• Your instructions: Word for word, repeat everything in the records below except the pictures.

• Supplied material:
----

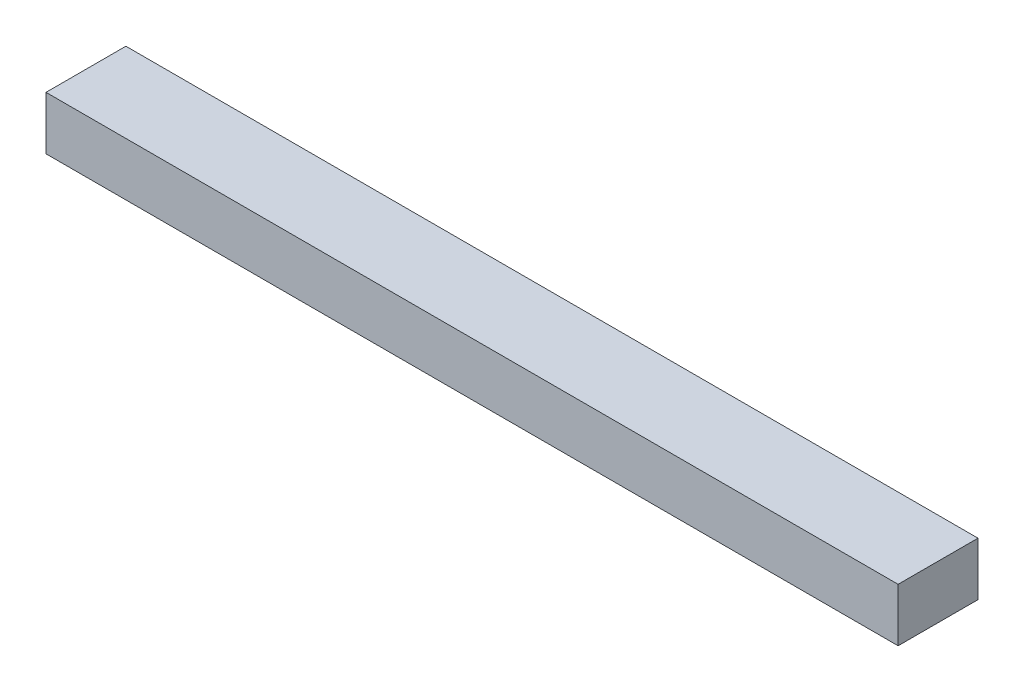
from build123d import *

# Parameters (mm, degrees)
SKETCH1_W           = 320
SKETCH1_H           = 30
BOSS_EXTRUDE1_DEPTH = 20


with BuildPart() as part:
    # Sketch1 → Boss-Extrude1 (new body)
    with BuildSketch(Plane(origin=(0, 0, 0), x_dir=(1, 0, 0), z_dir=(0, 1, 0))):
        Rectangle(SKETCH1_W, SKETCH1_H)
    extrude(amount=BOSS_EXTRUDE1_DEPTH)


solid = part.part

----

• Finished exercise:
from build123d import *

# Parameters (mm, degrees)
SKETCH1_W           = 320
SKETCH1_H           = 30
BOSS_EXTRUDE1_DEPTH = 20


with BuildPart() as part:
    # Sketch1 → Boss-Extrude1 (new body)
    with BuildSketch(Plane(origin=(0, 0, 0), x_dir=(1, 0, 0), z_dir=(0, 1, 0))):
        Rectangle(SKETCH1_W, SKETCH1_H)
    extrude(amount=BOSS_EXTRUDE1_DEPTH)


solid = part.part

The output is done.